「ヱヴァンゲリヲン新劇場版:序」と演劇
院試終わった。
まあ、十中八九落ちているので、面接終わったその足でそのまま新宿へ。
東急のミラノ1まで、「ヱヴァンゲリヲン新劇場版:序」を観に。
17時からの回を目当てで行ったのだけど、14時45分に間に合ったのでそのままチケットを購入し、入場。すでに予告は始まっていた。
15時ちょい過ぎから本編開始。
大筋は同じだけど、違うところも多々。
破の予告は必見。
新劇場版の所信表明で庵野総監督は、疲弊する日本アニメ業界・中高生のアニメ離れを憂慮していて、この作品を作り出す決意をしたと書かれている。

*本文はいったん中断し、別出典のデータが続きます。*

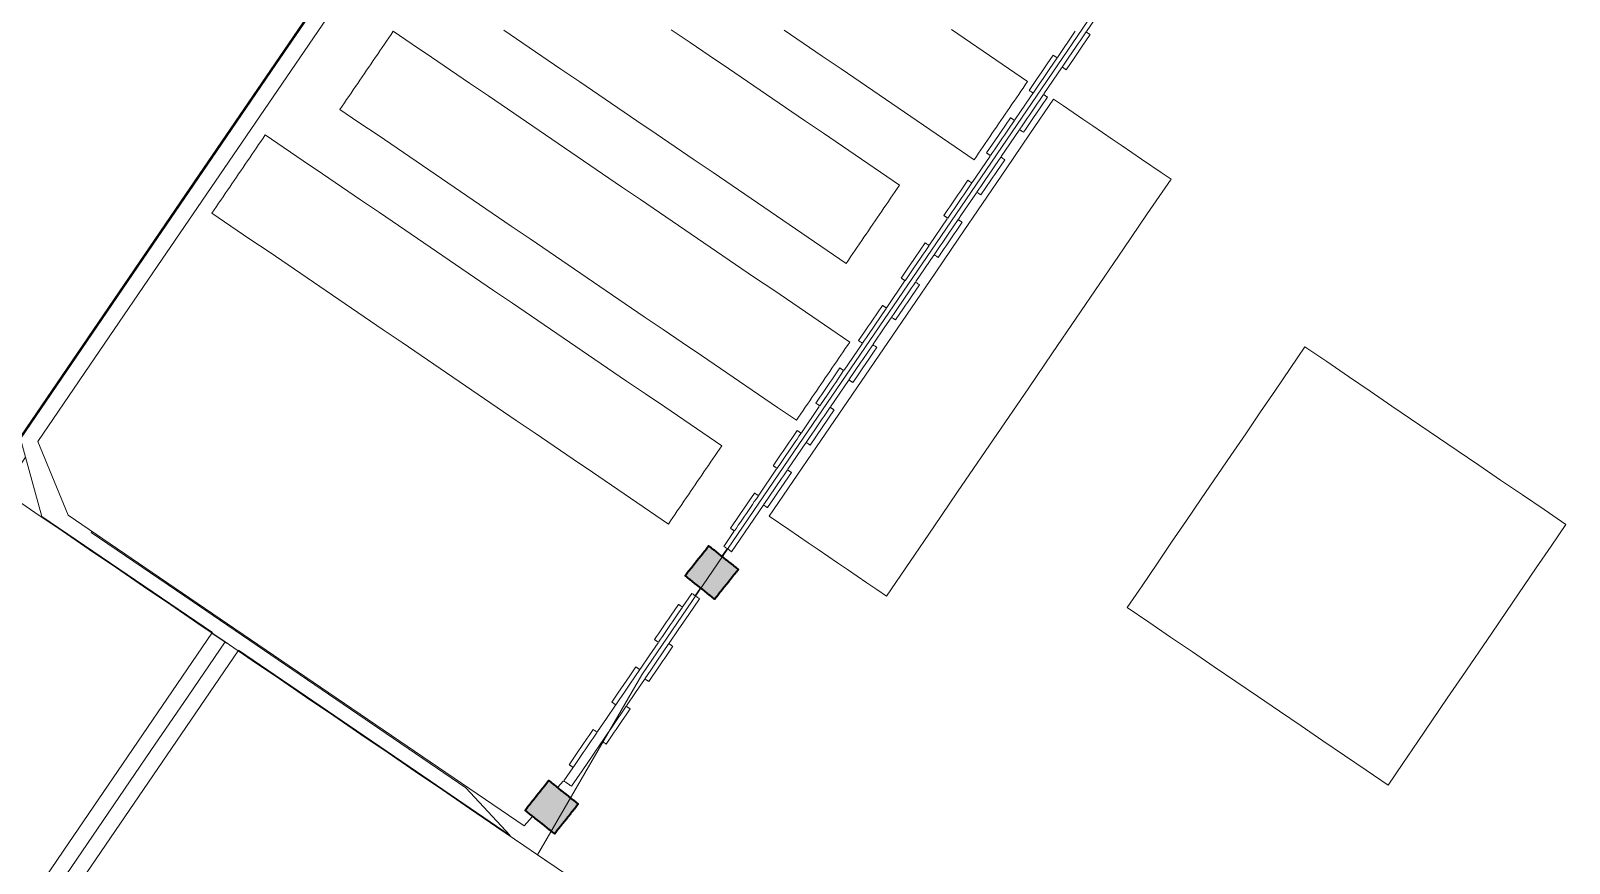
# Model space of a CAD drawing. Header units: millimetres. Extents: x -100577 to 287200, y -212120 to 238461.
# Drawn here: x 35610 to 40483, y 28818 to 31457 of the extents above; entities that cross this region are included whole.
import ezdxf

# ---------------------------------------------------------------- set-up
doc = ezdxf.new("R2010")
doc.units = ezdxf.units.MM
for name, color, linetype, lineweight in [('01_切断（構造・壁）', 7, 'Continuous', 35), ('10_見えがかり', 7, 'Continuous', 13), ('11_見えがかり（家具）', 8, 'Continuous', 9), ('30_敷地・外構', 8, 'Continuous', 9)]:
    doc.layers.add(name, color=color, linetype=linetype, lineweight=lineweight)

msp = doc.modelspace()

# ---------------------------------------------------------------- hatches: boundary and pattern name
at = {"layer": '01_切断（構造・壁）'}
for points in [[(37690.2, 29723.8), (37689.8, 29724.2), (37682.4, 29730), (37682.7, 29730.5), (37688.6, 29737.9), (37688.9, 29738.3), (37694.8, 29745.7), (37695.1, 29746.1), (37701, 29753.5), (37701.4, 29753.9), (37707.3, 29761.4), (37707.6, 29761.8), (37713.5, 29769.2), (37713.8, 29769.6), (37719.7, 29777), (37720, 29777.4), (37725.9, 29784.8), (37726.3, 29785.2), (37732.2, 29792.7), (37732.5, 29793.1), (37738.4, 29800.5), (37738.7, 29800.9), (37744.6, 29808.3), (37744.9, 29808.7), (37750.8, 29816.1), (37751.2, 29816.5), (37757.1, 29824), (37757.5, 29823.6), (37764.9, 29817.7), (37765.3, 29817.4), (37772.7, 29811.5), (37773.1, 29811.2), (37780.5, 29805.3), (37781, 29805), (37788.4, 29799.1), (37788.8, 29798.7), (37796.2, 29792.8), (37796.6, 29792.5), (37804, 29786.6), (37804.4, 29786.3), (37811.9, 29780.4), (37812.3, 29780.1), (37819.7, 29774.2), (37820.1, 29773.8), (37827.5, 29767.9), (37827.9, 29767.6), (37835.3, 29761.7), (37835.7, 29761.4), (37843.2, 29755.5), (37843.6, 29755.2), (37851, 29749.3), (37850.7, 29748.8), (37844.8, 29741.4), (37844.4, 29741), (37838.5, 29733.6), (37838.2, 29733.2), (37832.3, 29725.8), (37832, 29725.4), (37826.1, 29718), (37825.8, 29717.5), (37819.9, 29710.1), (37819.5, 29709.7), (37813.6, 29702.3), (37813.3, 29701.9), (37807.4, 29694.5), (37807.1, 29694.1), (37801.2, 29686.7), (37800.9, 29686.2), (37795, 29678.8), (37794.6, 29678.4), (37788.7, 29671), (37788.4, 29670.6), (37782.5, 29663.2), (37782.2, 29662.8), (37776.3, 29655.3), (37775.9, 29655.7), (37768.5, 29661.6), (37768, 29661.9), (37760.6, 29667.8), (37760.2, 29668.1), (37752.8, 29674), (37752.4, 29674.3), (37745, 29680.2), (37744.6, 29680.6), (37737.1, 29686.5), (37736.7, 29686.8), (37729.3, 29692.7), (37728.9, 29693), (37721.5, 29698.9), (37721.1, 29699.3), (37713.7, 29705.1), (37713.3, 29705.5), (37705.8, 29711.4), (37705.4, 29711.7), (37698, 29717.6), (37697.6, 29717.9)], [(37183.3, 28980.1), (37182.9, 28980.5), (37175.5, 28986.4), (37175.8, 28986.8), (37181.7, 28994.2), (37182, 28994.6), (37187.9, 29002), (37188.2, 29002.4), (37194.1, 29009.8), (37194.5, 29010.3), (37200.4, 29017.7), (37200.7, 29018.1), (37206.6, 29025.5), (37206.9, 29025.9), (37212.8, 29033.3), (37213.1, 29033.7), (37219, 29041.2), (37219.4, 29041.6), (37225.3, 29049), (37225.6, 29049.4), (37231.5, 29056.8), (37231.8, 29057.2), (37237.7, 29064.6), (37238, 29065), (37243.9, 29072.5), (37244.3, 29072.9), (37250.2, 29080.3), (37250.6, 29080), (37258, 29074.1), (37258.4, 29073.7), (37265.8, 29067.8), (37266.2, 29067.5), (37273.6, 29061.6), (37274.1, 29061.3), (37281.5, 29055.4), (37281.9, 29055.1), (37289.3, 29049.2), (37289.7, 29048.8), (37297.1, 29042.9), (37297.5, 29042.6), (37305, 29036.7), (37305.4, 29036.4), (37312.8, 29030.5), (37313.2, 29030.2), (37320.6, 29024.3), (37321, 29023.9), (37328.4, 29018), (37328.8, 29017.7), (37336.3, 29011.8), (37336.7, 29011.5), (37344.1, 29005.6), (37343.8, 29005.2), (37337.9, 28997.8), (37337.5, 28997.3), (37331.6, 28989.9), (37331.3, 28989.5), (37325.4, 28982.1), (37325.1, 28981.7), (37319.2, 28974.3), (37318.9, 28973.9), (37313, 28966.5), (37312.6, 28966), (37306.7, 28958.6), (37306.4, 28958.2), (37300.5, 28950.8), (37300.2, 28950.4), (37294.3, 28943), (37294, 28942.6), (37288.1, 28935.1), (37287.7, 28934.7), (37281.8, 28927.3), (37281.5, 28926.9), (37275.6, 28919.5), (37275.3, 28919.1), (37269.4, 28911.7), (37269, 28912), (37261.6, 28917.9), (37261.1, 28918.2), (37253.7, 28924.1), (37253.3, 28924.4), (37245.9, 28930.3), (37245.5, 28930.7), (37238.1, 28936.6), (37237.7, 28936.9), (37230.3, 28942.8), (37229.8, 28943.1), (37222.4, 28949), (37222, 28949.3), (37214.6, 28955.2), (37214.2, 28955.6), (37206.8, 28961.5), (37206.4, 28961.8), (37198.9, 28967.7), (37198.5, 28968), (37191.1, 28973.9), (37190.7, 28974.2)]]:
    msp.add_hatch(color=7, dxfattribs=at).paths.add_polyline_path(points)

# ---------------------------------------------------------------- linework, layer by layer
for points in [[(37690.2, 29723.8), (37689.8, 29724.2), (37682.4, 29730), (37682.7, 29730.5), (37688.6, 29737.9), (37688.9, 29738.3), (37694.8, 29745.7), (37695.1, 29746.1), (37701, 29753.5), (37701.4, 29753.9), (37707.3, 29761.4), (37707.6, 29761.8), (37713.5, 29769.2), (37713.8, 29769.6), (37719.7, 29777), (37720, 29777.4), (37725.9, 29784.8), (37726.3, 29785.2), (37732.2, 29792.7), (37732.5, 29793.1), (37738.4, 29800.5), (37738.7, 29800.9), (37744.6, 29808.3), (37744.9, 29808.7), (37750.8, 29816.1), (37751.2, 29816.5), (37757.1, 29824), (37757.5, 29823.6), (37764.9, 29817.7), (37765.3, 29817.4), (37772.7, 29811.5), (37773.1, 29811.2), (37780.5, 29805.3), (37781, 29805), (37788.4, 29799.1), (37788.8, 29798.7), (37796.2, 29792.8), (37796.6, 29792.5), (37804, 29786.6), (37804.4, 29786.3), (37811.9, 29780.4), (37812.3, 29780.1), (37819.7, 29774.2), (37820.1, 29773.8), (37827.5, 29767.9), (37827.9, 29767.6), (37835.3, 29761.7), (37835.7, 29761.4), (37843.2, 29755.5), (37843.6, 29755.2), (37851, 29749.3), (37850.7, 29748.8), (37844.8, 29741.4), (37844.4, 29741), (37838.5, 29733.6), (37838.2, 29733.2), (37832.3, 29725.8), (37832, 29725.4), (37826.1, 29718), (37825.8, 29717.5), (37819.9, 29710.1), (37819.5, 29709.7), (37813.6, 29702.3), (37813.3, 29701.9), (37807.4, 29694.5), (37807.1, 29694.1), (37801.2, 29686.7), (37800.9, 29686.2), (37795, 29678.8), (37794.6, 29678.4), (37788.7, 29671), (37788.4, 29670.6), (37782.5, 29663.2), (37782.2, 29662.8), (37776.3, 29655.3), (37775.9, 29655.7), (37768.5, 29661.6), (37768, 29661.9), (37760.6, 29667.8), (37760.2, 29668.1), (37752.8, 29674), (37752.4, 29674.3), (37745, 29680.2), (37744.6, 29680.6), (37737.1, 29686.5), (37736.7, 29686.8), (37729.3, 29692.7), (37728.9, 29693), (37721.5, 29698.9), (37721.1, 29699.3), (37713.7, 29705.1), (37713.3, 29705.5), (37705.8, 29711.4), (37705.4, 29711.7), (37698, 29717.6), (37697.6, 29717.9), (37690.2, 29723.8)], [(37183.3, 28980.1), (37182.9, 28980.5), (37175.5, 28986.4), (37175.8, 28986.8), (37181.7, 28994.2), (37182, 28994.6), (37187.9, 29002), (37188.2, 29002.4), (37194.1, 29009.8), (37194.5, 29010.3), (37200.4, 29017.7), (37200.7, 29018.1), (37206.6, 29025.5), (37206.9, 29025.9), (37212.8, 29033.3), (37213.1, 29033.7), (37219, 29041.2), (37219.4, 29041.6), (37225.3, 29049), (37225.6, 29049.4), (37231.5, 29056.8), (37231.8, 29057.2), (37237.7, 29064.6), (37238, 29065), (37243.9, 29072.5), (37244.3, 29072.9), (37250.2, 29080.3), (37250.6, 29080), (37258, 29074.1), (37258.4, 29073.7), (37265.8, 29067.8), (37266.2, 29067.5), (37273.6, 29061.6), (37274.1, 29061.3), (37281.5, 29055.4), (37281.9, 29055.1), (37289.3, 29049.2), (37289.7, 29048.8), (37297.1, 29042.9), (37297.5, 29042.6), (37305, 29036.7), (37305.4, 29036.4), (37312.8, 29030.5), (37313.2, 29030.2), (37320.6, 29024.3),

分野は違えど、私は演劇離れを心配している人間だ。もっとも、自分自身も実際大学進学するまで舞台なんて数えるほどしか観たことがなかった。そのアプローチ方法として、映像があるし、実際に製作しているところもあるし有効性は認められるのだが・・・先生たちはどうやら理解してもらえなかったらしい(笑)
映像の持つメッセージはとても大きい。まだ登場して100年あまりだが、すでに私たちにとって無視することはできない存在。今見ているこのディスプレイも映像の一種だ。
映像作品も演劇作品も古くなれば生き残りは難しくなる。名作と云われ後世に残る作品はごく一部だ。
さらに性質の悪いことに、映像(実写映画など)のほうが表現手法のサイクルは早い。このサイクルに慣れてしまった私たちにとっては、演劇が余計に退屈な存在に見えてしまう。観たいという人は多いが、実際に足を運ぶ人はごく少数だ。
エヴァが新作を出すまでの12年間、演劇事情も経済と同じく「失われた10年(期間のズレはあるが・・・)」だった。演劇はアングラ以降、表現が多様化しすぎて希薄なものとなっていった。アニメも同じくエヴァショック以降、分野が増えるが画期的な表現は概してあまり出てきていない。こう考えると、アニメはどちらかというと、映像作品としてというより演劇寄りなのかもしれない。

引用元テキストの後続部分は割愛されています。